Can a substitution cause a convergent definite integral to diverge?

Is it possible for an integral, $$\int_a^b f(x)\text{d}x,$$ to converge, but for some substitution $x=g(y)$ to cause the integral, $$ \int_{g^{-1}(a)}^{g^{-1}(b)} f(g(y)) g'(y) \text{d}{y},$$ to diverge?

I suppose this could happen if $$f(g(y))g'(y)\longrightarrow\infty$$ as $y\longrightarrow g^{-1}(a)$ or $y\longrightarrow g^{-1}(b)$ ? Or, equivalently, if $$f(a)g'(g^{-1}(a))=\infty$$ or $$f(b)g'(g^{-1}(b))=\infty.$$

Edit

I originally asked this question because certain substitutions appeared to make the integrand become "pathalogical" or to blow up to infinity at certain points, so from an "area under the curve" point of view I found it difficult to see how convergence could persist.
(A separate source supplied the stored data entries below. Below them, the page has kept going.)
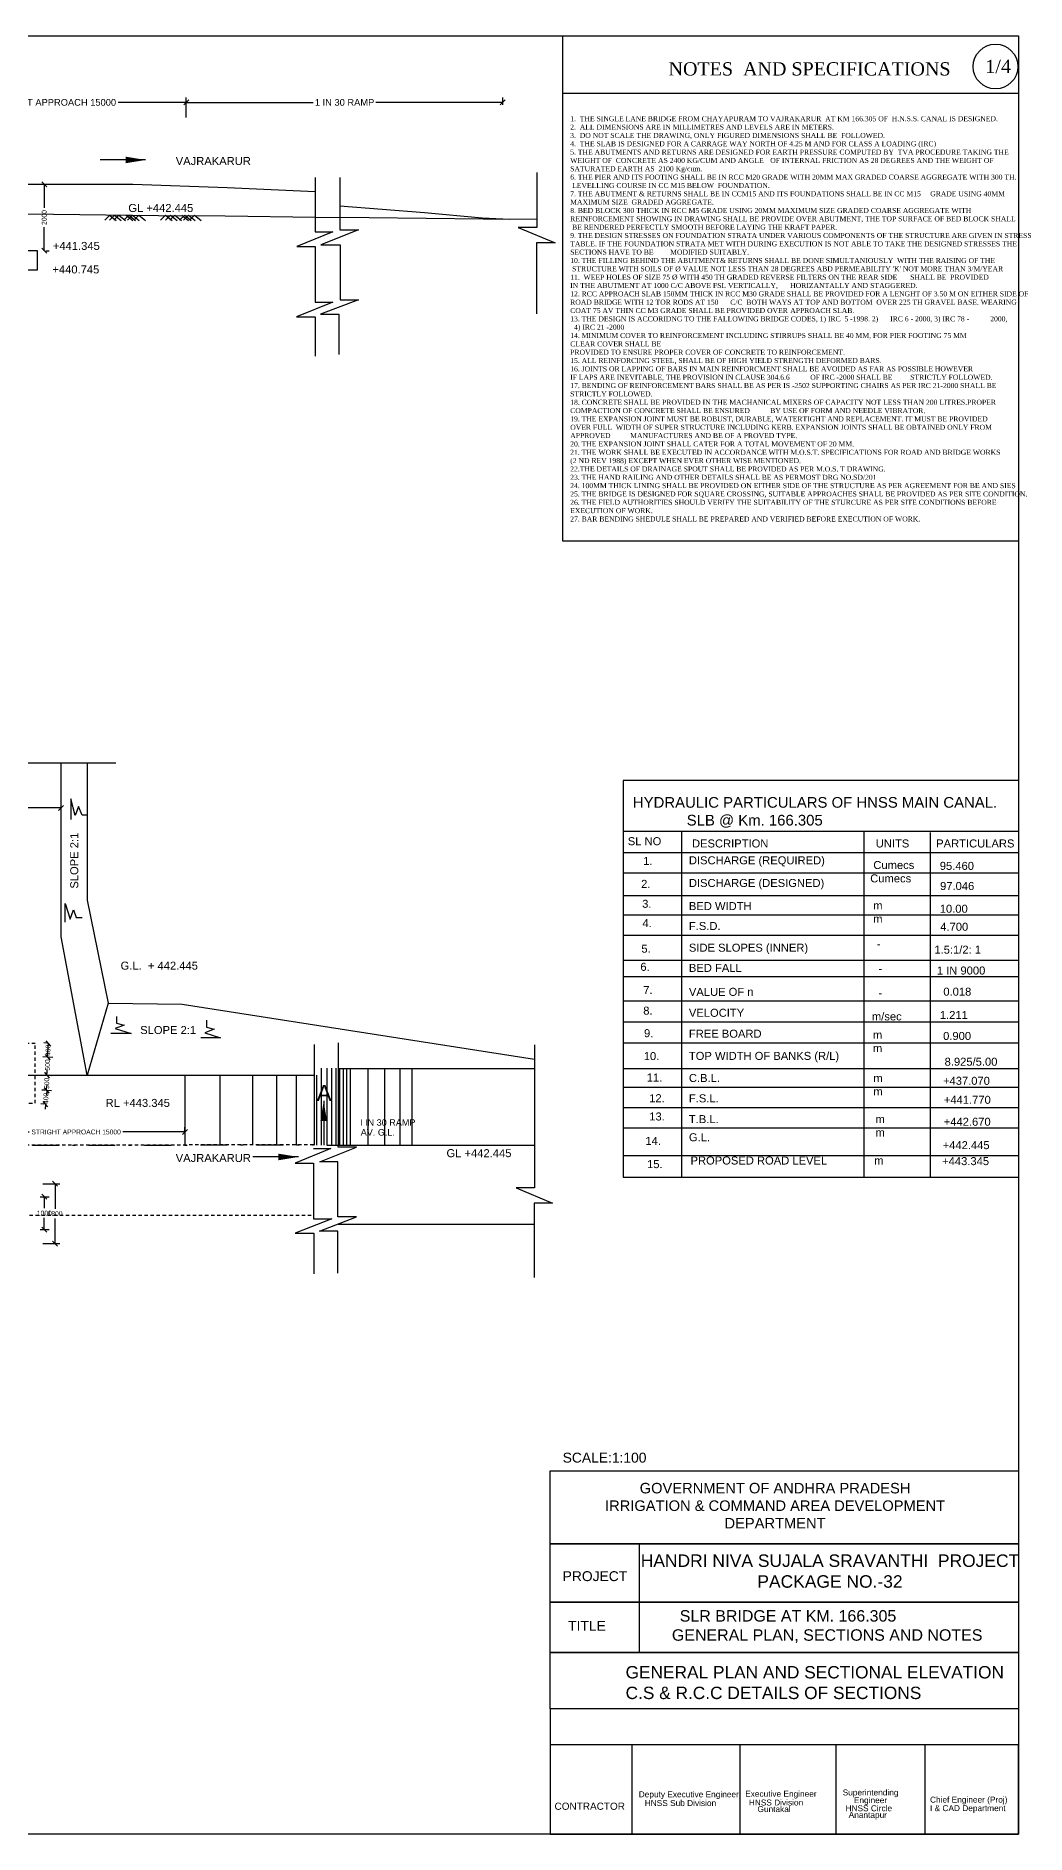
# Model space of a CAD drawing. Header units: inches. Extents: x 214 to 450, y 289 to 479.
# Drawn here: x 273.6 to 310.8, y 289.3 to 356.7 of the extents above; entities that cross this region are included whole.
import ezdxf

# ---------------------------------------------------------------- set-up
doc = ezdxf.new("R2010")
doc.units = ezdxf.units.IN
doc.header["$MEASUREMENT"] = 0
doc.linetypes.add('DASHDOT', pattern=[1, 0.5, -0.25, 0, -0.25])
doc.linetypes.add('HIDDEN', pattern=[9.525, 6.35, -3.175])
for name, color, linetype in [('DIMENSION', 255, 'Continuous'), ('DRAWING', 2, 'Continuous'), ('HATCH', 7, 'Continuous'), ('TEXT', 255, 'Continuous')]:
    doc.layers.add(name, color=color, linetype=linetype)
doc.styles.get("Standard").update_dxf_attribs({"font": 'arial.ttf'})
doc.dimstyles.get("Standard").update_dxf_attribs({"dimtxt": 0.18, "dimasz": 0.1875, "dimexe": 0.18, "dimexo": 0.0625, "dimgap": 0.09, "dimtad": 0, "dimtih": 1, "dimtoh": 1, "dimdec": 4, "dimzin": 0, "dimdsep": 46, "dimtxsty": 'Standard', "dimcen": 0.09, "dimadec": 0, "dimazin": 0, "dimtfac": 1, "dimtdec": 4, "dimtofl": 0, "dimtmove": 0, "dimatfit": 3, "dimfxl": 1, "dimtolj": 1, "dimtzin": 0, "dimarcsym": 0})

# ---------------------------------------------------------------- blocks, each defined once
blk = doc.blocks.new('_Oblique')
at = {"color": 0, "linetype": 'ByBlock', "lineweight": -2}
blk.add_line((-0.5, -0.5), (0.5, 0.5), dxfattribs=at)
blk = doc.blocks.new('*D4')
at = {"layer": 'Defpoints', "color": 0, "ltscale": 0.02, "transparency": 16777216}
for p in [(268.891, 315.635), (268.891, 315.583), (279.209, 315.583)]:
    blk.add_point(p, dxfattribs=at)
at = {"layer": 'DIMENSION', "color": 0, "lineweight": -2, "ltscale": 0.02, "transparency": 16777216}
for p, q in [((268.891, 315.645), (268.891, 315.815)), ((268.891, 315.635), (273.376, 315.635)), ((279.209, 315.635), (276.886, 315.635)), ((279.209, 315.645), (279.209, 315.815))]:
    blk.add_line(p, q, dxfattribs=at)
at = {"layer": 'DIMENSION', "color": 0, "lineweight": -2, "ltscale": 0.02, "transparency": 16777216, "xscale": 0.1875, "yscale": 0.1875, "zscale": 0.1875, "rotation": 180}
blk.add_blockref('_Oblique', (268.891, 315.635), dxfattribs=at)
at = {"layer": 'DIMENSION', "color": 0, "lineweight": -2, "ltscale": 0.02, "transparency": 16777216, "xscale": 0.1875, "yscale": 0.1875, "zscale": 0.1875}
blk.add_blockref('_Oblique', (279.209, 315.635), dxfattribs=at)
at = {"layer": 'DIMENSION', "color": 0, "ltscale": 0.02, "transparency": 16777216, "insert": (275.131, 315.635), "char_height": 0.18, "attachment_point": 5}
blk.add_mtext('\\A1;STRIGHT APPROACH 15000', dxfattribs=at)
blk = doc.blocks.new('*D5')
at = {"layer": 'Defpoints', "color": 0, "ltscale": 0.02, "transparency": 16777216}
for p in [(273.982, 318.452), (274.072, 318.447), (273.947, 317.769)]:
    blk.add_point(p, dxfattribs=at)
at = {"layer": 'DIMENSION', "color": 0, "lineweight": -2, "ltscale": 0.02, "transparency": 16777216}
for p, q in [((274.045, 318.449), (274.252, 318.438)), ((274.072, 318.447), (274.072, 318.437)), ((274.009, 317.766), (274.216, 317.755)), ((274.037, 317.765), (274.042, 317.859))]:
    blk.add_line(p, q, dxfattribs=at)
at = {"layer": 'DIMENSION', "color": 0, "lineweight": -2, "ltscale": 0.02, "transparency": 16777216, "xscale": 0.1875, "yscale": 0.1875, "zscale": 0.1875}
for p, rotation in [((274.072, 318.447), 86.99053569068286), ((274.037, 317.765), 266.9905356906829)]:
    blk.add_blockref('_Oblique', p, dxfattribs=dict(at, rotation=rotation))
at = {"layer": 'DIMENSION', "color": 0, "ltscale": 0.02, "transparency": 16777216, "insert": (274.057, 318.148), "char_height": 0.18, "attachment_point": 5, "rotation": 90}
blk.add_mtext('\\A1;500', dxfattribs=at)
blk = doc.blocks.new('*D6')
at = {"layer": 'Defpoints', "color": 0, "ltscale": 0.02, "transparency": 16777216}
for p in [(273.997, 317.765), (274.037, 317.765), (273.988, 317.198)]:
    blk.add_point(p, dxfattribs=at)
at = {"layer": 'DIMENSION', "color": 0, "lineweight": -2, "ltscale": 0.02, "transparency": 16777216}
for p, q in [((274.037, 317.765), (274.04, 317.952)), ((274.06, 317.764), (274.217, 317.762)), ((274.027, 317.197), (274.024, 317.01)), ((274.05, 317.197), (274.207, 317.194))]:
    blk.add_line(p, q, dxfattribs=at)
at = {"layer": 'DIMENSION', "color": 0, "lineweight": -2, "ltscale": 0.02, "transparency": 16777216, "xscale": 0.1875, "yscale": 0.1875, "zscale": 0.1875}
for p, rotation in [((274.037, 317.765), 269.0419092691948), ((274.027, 317.197), 89.04190926919476)]:
    blk.add_blockref('_Oblique', p, dxfattribs=dict(at, rotation=rotation))
at = {"layer": 'DIMENSION', "color": 0, "ltscale": 0.02, "transparency": 16777216, "insert": (274.031, 317.46), "char_height": 0.18, "attachment_point": 5, "rotation": 90}
blk.add_mtext('\\A1;500', dxfattribs=at)
blk = doc.blocks.new('*D12')
at = {"layer": 'Defpoints', "color": 0, "ltscale": 0.02, "transparency": 16777216}
for p in [(274.023, 317.195), (274.027, 317.194), (273.987, 316.675)]:
    blk.add_point(p, dxfattribs=at)
at = {"layer": 'DIMENSION', "color": 0, "lineweight": -2, "ltscale": 0.02, "transparency": 16777216}
for p, q in [((273.965, 317.199), (273.844, 317.208)), ((274.023, 317.195), (274.038, 317.382)), ((273.925, 316.679), (273.804, 316.689)), ((273.984, 316.675), (273.969, 316.488))]:
    blk.add_line(p, q, dxfattribs=at)
at = {"layer": 'DIMENSION', "color": 0, "lineweight": -2, "ltscale": 0.02, "transparency": 16777216, "xscale": 0.1875, "yscale": 0.1875, "zscale": 0.1875}
for p, rotation in [((273.984, 316.675), 85.61074041273172), ((274.023, 317.195), 265.6107404127317)]:
    blk.add_blockref('_Oblique', p, dxfattribs=dict(at, rotation=rotation))
at = {"layer": 'DIMENSION', "color": 0, "ltscale": 0.02, "transparency": 16777216, "insert": (274, 316.896), "char_height": 0.18, "attachment_point": 5, "rotation": 90}
blk.add_mtext('\\A1;400', dxfattribs=at)
blk = doc.blocks.new('*D13')
at = {"layer": 'Defpoints', "color": 0, "ltscale": 0.02, "transparency": 16777216}
for p in [(274.098, 318.957), (274.112, 318.956), (274.072, 318.437)]:
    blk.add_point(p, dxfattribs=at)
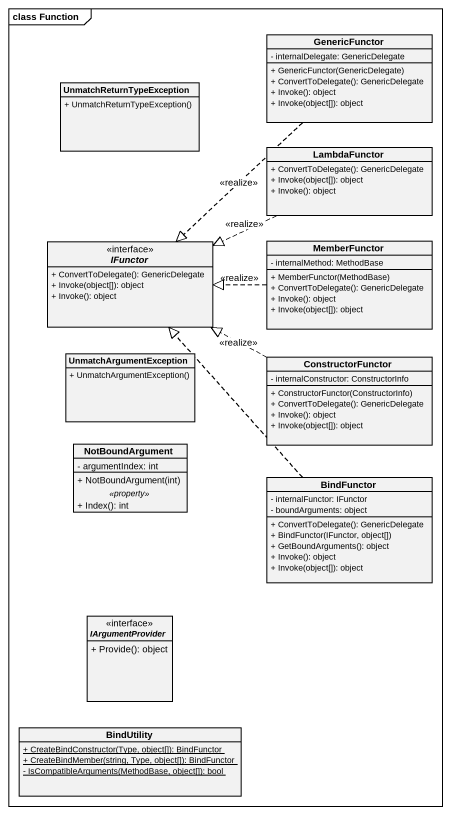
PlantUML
@startuml
mainframe class Function
hide circle
hide empty members
skinparam classAttributeIconSize 0
class GenericFunctor {
  - internalDelegate: GenericDelegate
  + GenericFunctor(GenericDelegate)
  + ConvertToDelegate(): GenericDelegate
  + Invoke(): object
  + Invoke(object[]): object
}
class UnmatchReturnTypeException {
  + UnmatchReturnTypeException()
}
class LambdaFunctor {
  + ConvertToDelegate(): GenericDelegate
  + Invoke(object[]): object
  + Invoke(): object
}
interface IFunctor <<interface>> {
  + ConvertToDelegate(): GenericDelegate
  + Invoke(object[]): object
  + Invoke(): object
}
class MemberFunctor {
  - internalMethod: MethodBase
  + MemberFunctor(MethodBase)
  + ConvertToDelegate(): GenericDelegate
  + Invoke(): object
  + Invoke(object[]): object
}
class UnmatchArgumentException {
  + UnmatchArgumentException()
}
class ConstructorFunctor {
  - internalConstructor: ConstructorInfo
  + ConstructorFunctor(ConstructorInfo)
  + ConvertToDelegate(): GenericDelegate
  + Invoke(): object
  + Invoke(object[]): object
}
class NotBoundArgument {
  - argumentIndex: int
  --
  + NotBoundArgument(int)
  .. <<property>> ..
  + Index(): int
}
class BindFunctor {
  - internalFunctor: IFunctor
  - boundArguments: object
  + ConvertToDelegate(): GenericDelegate
  + BindFunctor(IFunctor, object[])
  + GetBoundArguments(): object
  + Invoke(): object
  + Invoke(object[]): object
}
interface IArgumentProvider <<interface>> {
  + Provide(): object
}
class BindUtility {
  {static} + CreateBindConstructor(Type, object[]): BindFunctor
  {static} + CreateBindMember(string, Type, object[]): BindFunctor
  {static} - IsCompatibleArguments(MethodBase, object[]): bool
}
GenericFunctor ..|> IFunctor : <<realize>>
LambdaFunctor .left.|> IFunctor : <<realize>>
MemberFunctor .left.|> IFunctor : <<realize>>
ConstructorFunctor .left.|> IFunctor : <<realize>>
BindFunctor .up.|> IFunctor
@enduml

However, indeed such functions can converge, e.g. $ x^{-1/2} $ over $[0,1] $

Solution 1:

Consider the case of an non closed interval.

$$\int_a^b f(x) dx = \lim_{a'\downarrow a, b'\uparrow b} \int_{a'}^{b'}f(x)dx$$ ans the integrals $$ \int_{a'}^{b'}f(x)dx $$are definite Riemann integrals (so $f$ is bounded on $[a',b']$).

Now make the change in the definite integrals: $$ \int_{a'}^{b'}f(x)dx = \int_{g^{-1}(a')}^{g^{-1}(b')} f(g(y)) g'(y) {d}{y} $$ These integrals are well defined. Now the first integral si convergent iff $$ \lim_{a'\downarrow a, b'\uparrow b} \int_{a'}^{b'}f(x)dx = \lim_{a'\downarrow a, b'\uparrow b} \int_{g^{-1}(a')}^{g^{-1}(b')} f(g(y)) g'(y) {d}{y} $$ exists. As $g^{-1}$ is continuous when $g\in C^1$, the preceding expression becomes (assuming $g$ increasing, otherwise just change the inequalities accordingly):

$$ \lim_{ga\downarrow g^{-1}(a), gb\uparrow g^{-1}(b)} \int_{ga}^{gb} f(gy)) g'(y) {d}{y} $$

which proves that one integral is convergent iff the other one is.